I remember seeing LSAT prep books and thinking "Whose room is this? I should be hooking up with them instead."
it was either a really good one night stand or a really really good first date. thank you online dating
I'm stranded in the Hampton area. Looks like I'm going to have to take one for the team and pass out by this applebees.
If I don't have carpet burn in the morning you aren't trying hard enough.
Restaurants Roasting People Who Gave Them Negative Yelp Reviews (25 Pics)
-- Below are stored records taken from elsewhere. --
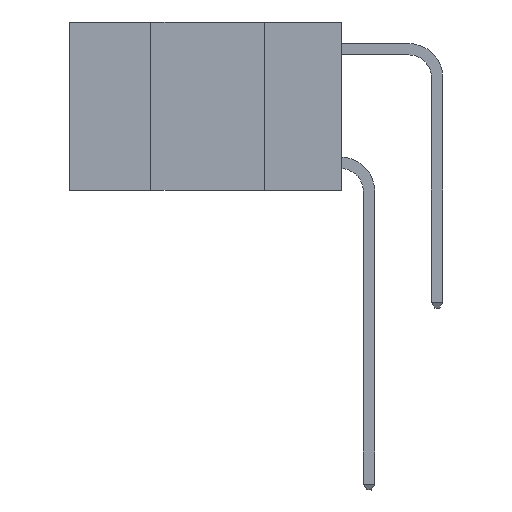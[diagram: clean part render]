
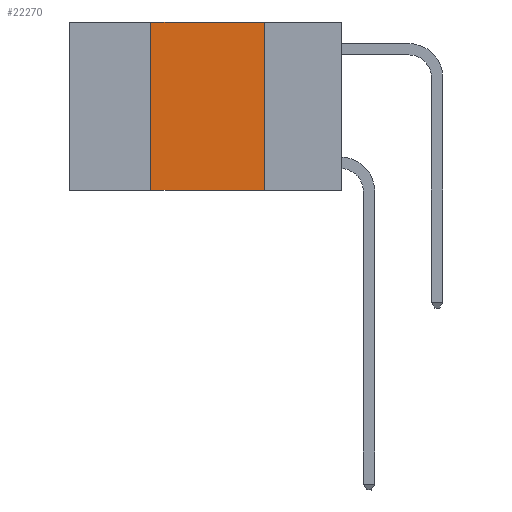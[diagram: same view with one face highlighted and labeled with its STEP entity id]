
A CAD part, left-side view. The second image highlights one B-rep face of the part: STEP entity #22270.
In plain terms, the highlighted planar face has unit normal (-1, 0, 0).
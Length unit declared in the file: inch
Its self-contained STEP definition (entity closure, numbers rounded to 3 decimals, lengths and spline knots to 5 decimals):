
#447 = DIRECTION ( 'NONE',  ( 1., 0., 0. ) ) ;
#877 = LINE ( 'NONE', #19893, #6707 ) ;
#910 = ORIENTED_EDGE ( 'NONE', *, *, #13475, .F. ) ;
#2356 = AXIS2_PLACEMENT_3D ( 'NONE', #21770, #447, #16832 ) ;
#3806 = CARTESIAN_POINT ( 'NONE',  ( 0., 0.17, 0. ) ) ;
#3860 = ORIENTED_EDGE ( 'NONE', *, *, #29749, .F. ) ;
#4095 = CARTESIAN_POINT ( 'NONE',  ( 0., 0.6, 0. ) ) ;
#4695 = DIRECTION ( 'NONE',  ( 0., -1., 0. ) ) ;
#5037 = DIRECTION ( 'NONE',  ( 0., 0., 1. ) ) ;
#6124 = CARTESIAN_POINT ( 'NONE',  ( 0., 0.17, -0.37 ) ) ;
#6707 = VECTOR ( 'NONE', #4695, 39.37008 ) ;
#7534 = LINE ( 'NONE', #9740, #19610 ) ;
#7827 = CARTESIAN_POINT ( 'NONE',  ( 0., 0.42, 0. ) ) ;
#7916 = PLANE ( 'NONE',  #2356 ) ;
#9740 = CARTESIAN_POINT ( 'NONE',  ( 0., 0.17, 0. ) ) ;
#11150 = VERTEX_POINT ( 'NONE', #16044 ) ;
#11307 = ORIENTED_EDGE ( 'NONE', *, *, #21630, .T. ) ;
#12495 = DIRECTION ( 'NONE',  ( 0., 0., -1. ) ) ;
#13475 = EDGE_CURVE ( 'NONE', #18497, #11150, #24179, .T. ) ;
#13580 = DIRECTION ( 'NONE',  ( 0., -1., 0. ) ) ;
#14386 = EDGE_LOOP ( 'NONE', ( #3860, #30278, #910, #11307 ) ) ;
#15402 = VERTEX_POINT ( 'NONE', #6124 ) ;
#15944 = LINE ( 'NONE', #4095, #20341 ) ;
#16044 = CARTESIAN_POINT ( 'NONE',  ( 0., 0.42, 0. ) ) ;
#16540 = CARTESIAN_POINT ( 'NONE',  ( 0., 0.42, -0.37 ) ) ;
#16832 = DIRECTION ( 'NONE',  ( 0., 0., -1. ) ) ;
#17288 = FACE_OUTER_BOUND ( 'NONE', #14386, .T. ) ;
#18497 = VERTEX_POINT ( 'NONE', #16540 ) ;
#19610 = VECTOR ( 'NONE', #12495, 39.37008 ) ;
#19893 = CARTESIAN_POINT ( 'NONE',  ( 0., 0.6, -0.37 ) ) ;
#20341 = VECTOR ( 'NONE', #13580, 39.37008 ) ;
#21630 = EDGE_CURVE ( 'NONE', #18497, #15402, #877, .T. ) ;
#21770 = CARTESIAN_POINT ( 'NONE',  ( 0., 0.6, 0. ) ) ;
#22270 = ADVANCED_FACE ( 'NONE', ( #17288 ), #7916, .F. ) ;
#24113 = VERTEX_POINT ( 'NONE', #3806 ) ;
#24179 = LINE ( 'NONE', #7827, #24632 ) ;
#24632 = VECTOR ( 'NONE', #5037, 39.37008 ) ;
#26077 = EDGE_CURVE ( 'NONE', #11150, #24113, #15944, .T. ) ;
#29749 = EDGE_CURVE ( 'NONE', #24113, #15402, #7534, .T. ) ;
#30278 = ORIENTED_EDGE ( 'NONE', *, *, #26077, .F. ) ;

Babe. You eat pussy like a god warrior sent from a galaxy far far away to destroy female genitalia with new realms of pleasure. That's how I know your not gay.
You know you need to hit the gym when you're not strong enough to get the cork outta the wine bottle. And you know you're a drunk when that's the only motivation to do exercises
She pulled vodka outta the dryer and told me to drink it
I just held a marble with my kegel muscles for 5 min. You may call me COCKCLAMP 9000!!!!
Not my type. One of those types that loves that they're educated, could drink their red wine and have an intellectual conversation and have a wonderful time
An adult?
Woman Posts Harassing DMs From Creep Online, Now He’s Upset Because People Told His Mom
You Just stopped dancing, looked at me and said "I'm gonna make it rain" Then shook the open box of crunch berries everywhere.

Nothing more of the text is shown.